Before you save the agent, confirm that:

  • the request URL is correct
  • the request method matches your API
  • the request body matches your API contract
  • the returned value is the final output you want Spec27 to score

Review the Agent

After the agent is created, open the agent detail page and review:

  • the current code content
  • required secrets
  • whether any required secrets are missing
  • rate-limit settings
  • eval usage

If you want to test the agent before wiring it into an eval, open Preview from the agent page.

Test the Agent with Preview

Use the agent run page for a quick preview before attaching the agent to an eval.

To test the agent:

  1. Open the saved agent.
  2. Select Preview.
  3. Enter a sample input.
  4. Run the preview.
  5. Review the output.
  6. Review the console output.

Preview is the fastest way to validate that:

  • the agent accepts the expected input shape
  • required secrets are available
  • the output and logs look reasonable
  • the agent is ready for a more formal run

Preview does not create a persisted eval run.
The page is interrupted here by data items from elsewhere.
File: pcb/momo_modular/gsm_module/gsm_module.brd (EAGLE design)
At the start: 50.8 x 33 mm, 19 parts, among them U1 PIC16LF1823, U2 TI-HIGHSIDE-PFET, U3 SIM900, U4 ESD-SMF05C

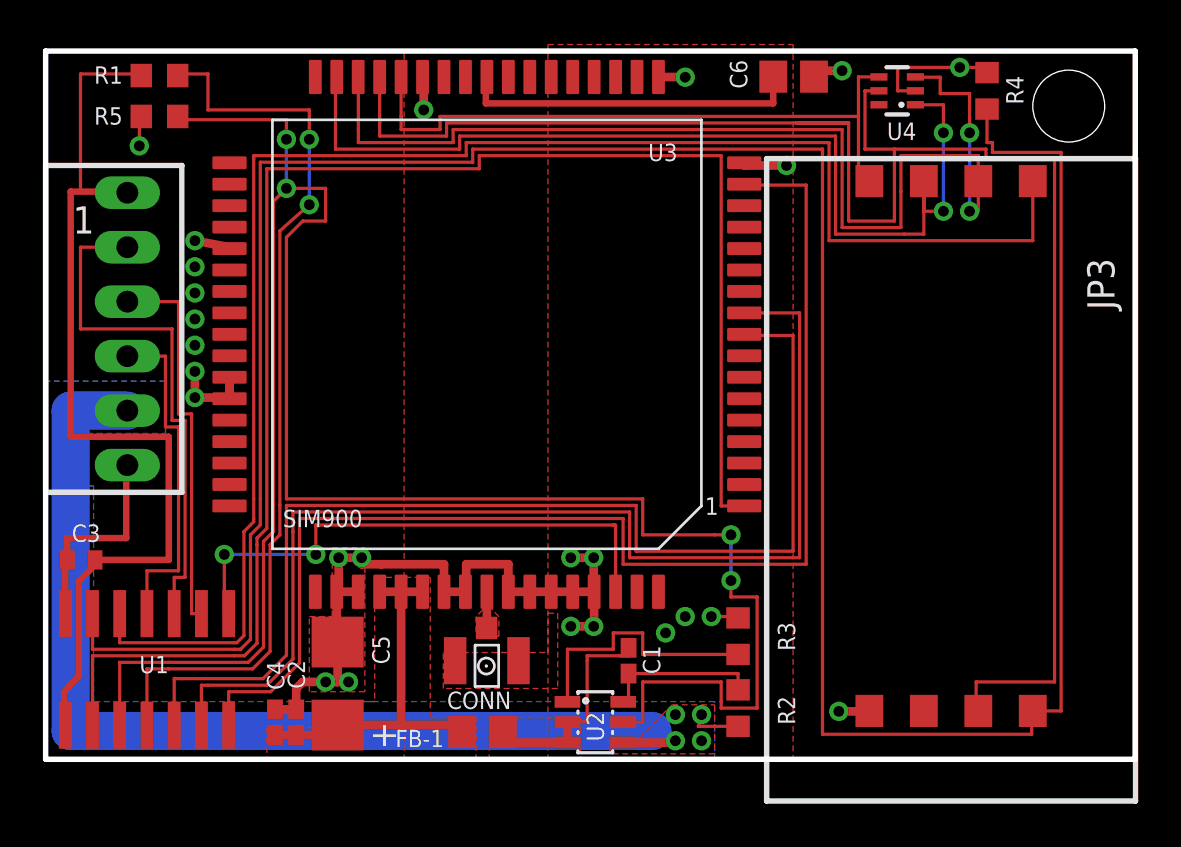
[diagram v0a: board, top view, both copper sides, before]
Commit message: Fix gsm layout based on measured SIM900 module size.
U1 and C5 would be very close to the module so I relaid it out in
order to maximize the distance between the SIM900 and those two
components.  Also, C5 was swapped for a smaller tantalum capacitor
since the ripple current was calculated too conservatively last time.
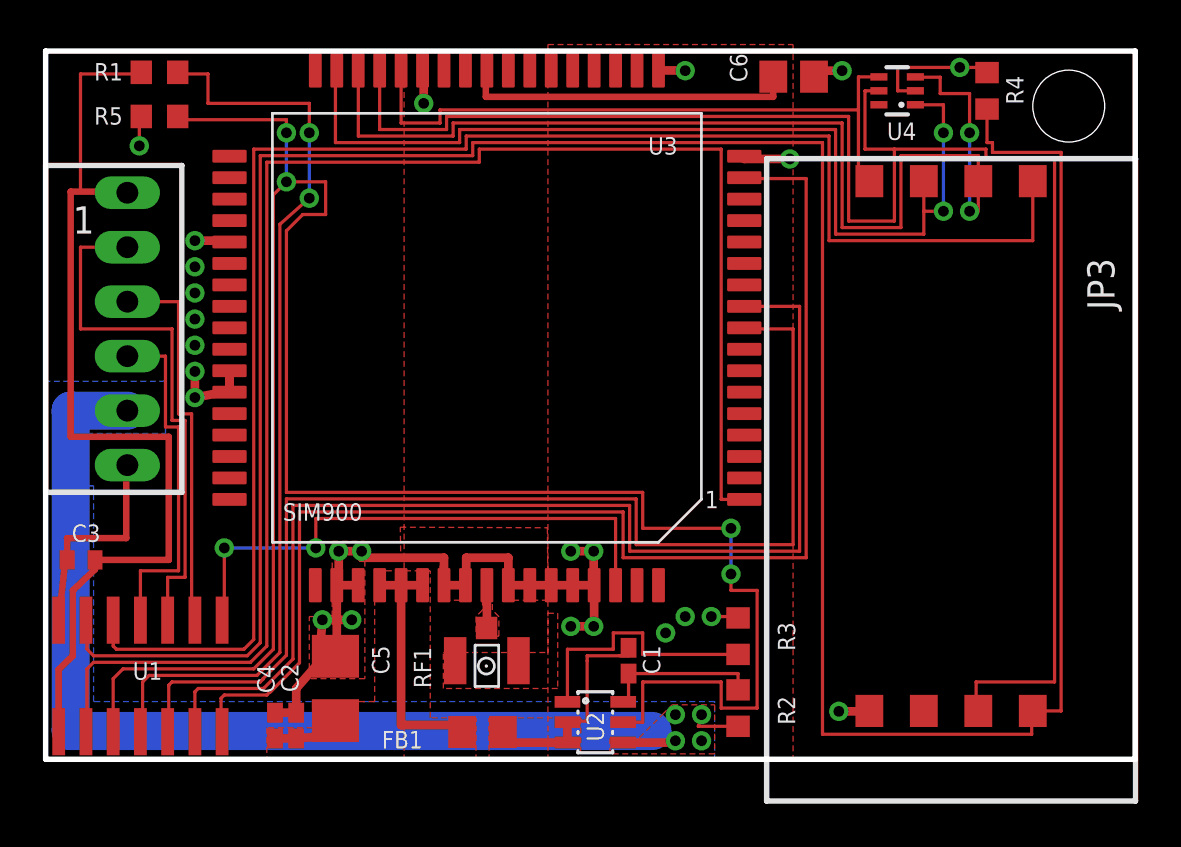
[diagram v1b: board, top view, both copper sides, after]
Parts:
- C5: value 330 uF -> 220 uF; device components:2917 -> rcl:CT3528
- moved U1 0.43 mm to (9.50, 8.97)
- moved U3 0.30 mm to (25.7, 25.2)
- moved C5 0.25 mm to (18.6, 8.38), turned to 90 degrees
- moved C2 0.15 mm to (16.8, 6.65)
- moved C4 0.15 mm to (15.8, 6.65)
- moved R1 0.15 mm to (10.4, 37.1)
- renumbered CONN to RF1, FB-1 to FB1
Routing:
- net VDD: track 17.7 -> 14.6 mm
- net SIMDAT: track 79.9 -> 77.8 mm
- net GND: track 66.6 -> 68.4 mm
- net SW1: track 74.1 -> 75.5 mm
- net SIMRST: track 47.2 -> 46.0 mm
- net SW2: track 129.6 -> 130.7 mm
- net PWRKEY: track 72.7 -> 73.5 mm
- net RESET: track 58.5 -> 59.3 mm
- net POW-SW-ON: track 98.9 -> 99.7 mm
- net RXD: track 53.2 -> 54.0 mm
- net TXD: track 53.0 -> 53.7 mm
- net VCCINT: track 47.1 -> 47.7 mm
- net CLOCK: track 24.7 -> 25.3 mm
- net ALARM: track 15.9 -> 16.5 mm

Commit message: Fix gsm module to not have sim card adapter hang over board edge
- This would have meant that the board could not be routed post
smt assembly and that the board could not have been panelized at
2x1.3" since the part would not have been assemblable.
- As a consequence, I had to get rid of the screw holes for this
module.
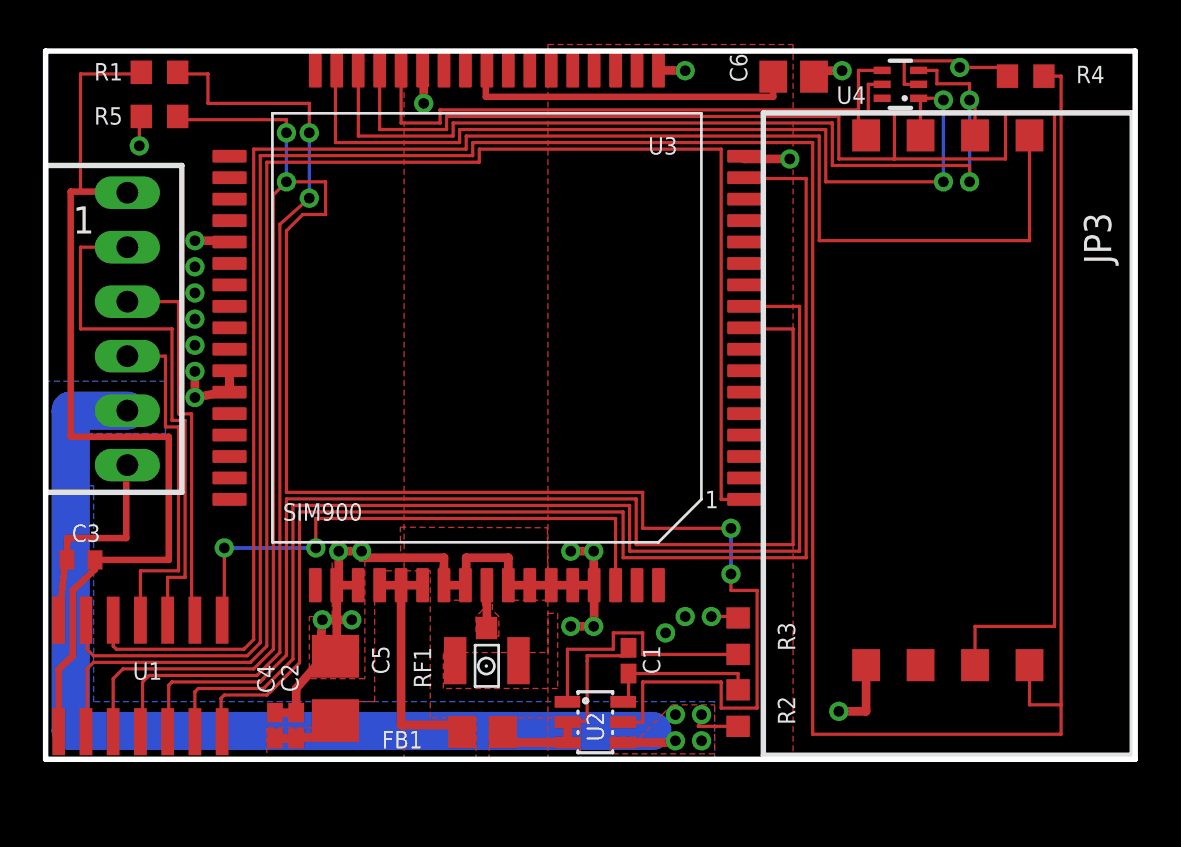
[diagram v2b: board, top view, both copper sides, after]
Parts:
- moved JP3 2.14 mm to (47.1, 21.8)
- moved R4 1.93 mm to (50.8, 36.9), turned to 0 degrees
- moved U4 0.34 mm to (44.9, 36.6)
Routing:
- net SIMCLK: track 52.6 -> 44.4 mm
- net SIMRST: track 46.0 -> 41.8 mm
- net SIMDAT: track 77.8 -> 73.7 mm
- net GND: track 68.4 -> 71.4 mm
- net SW2: track 130.7 -> 132.9 mm
- net SW1: track 75.5 -> 77.4 mm
- net SIMVCC: track 30.7 -> 28.9 mm

It is meant for quick validation while you are still building or debugging the agent.

Check Preview Results

When you run a preview, review:

  • whether the output matches the expected format
  • whether the returned value is complete and usable for scoring
  • whether console logs show any runtime issues
  • whether the request to your API succeeded

If the preview fails, the page can show the error type, message, and stack trace. Use that information to decide whether the issue is in the agent code, the API contract, or the upstream service.

Use the Agent in Evals

After preview works as expected, add the agent to one or more evals.

The agent detail page also shows:

  • which evals already use the agent
  • a link to open those evals
  • a results view for the agent across related runs

This makes the agent page the main place to move between implementation, testing, and reuse.

Important Notes

  • Agent preview is blocked when required secrets are missing.
  • Agent runs can capture output, errors, and console logs.
  • Agents can be reused across multiple evals.
  • Preview is the fastest way to validate that the agent works before you commit it to a broader eval workflow.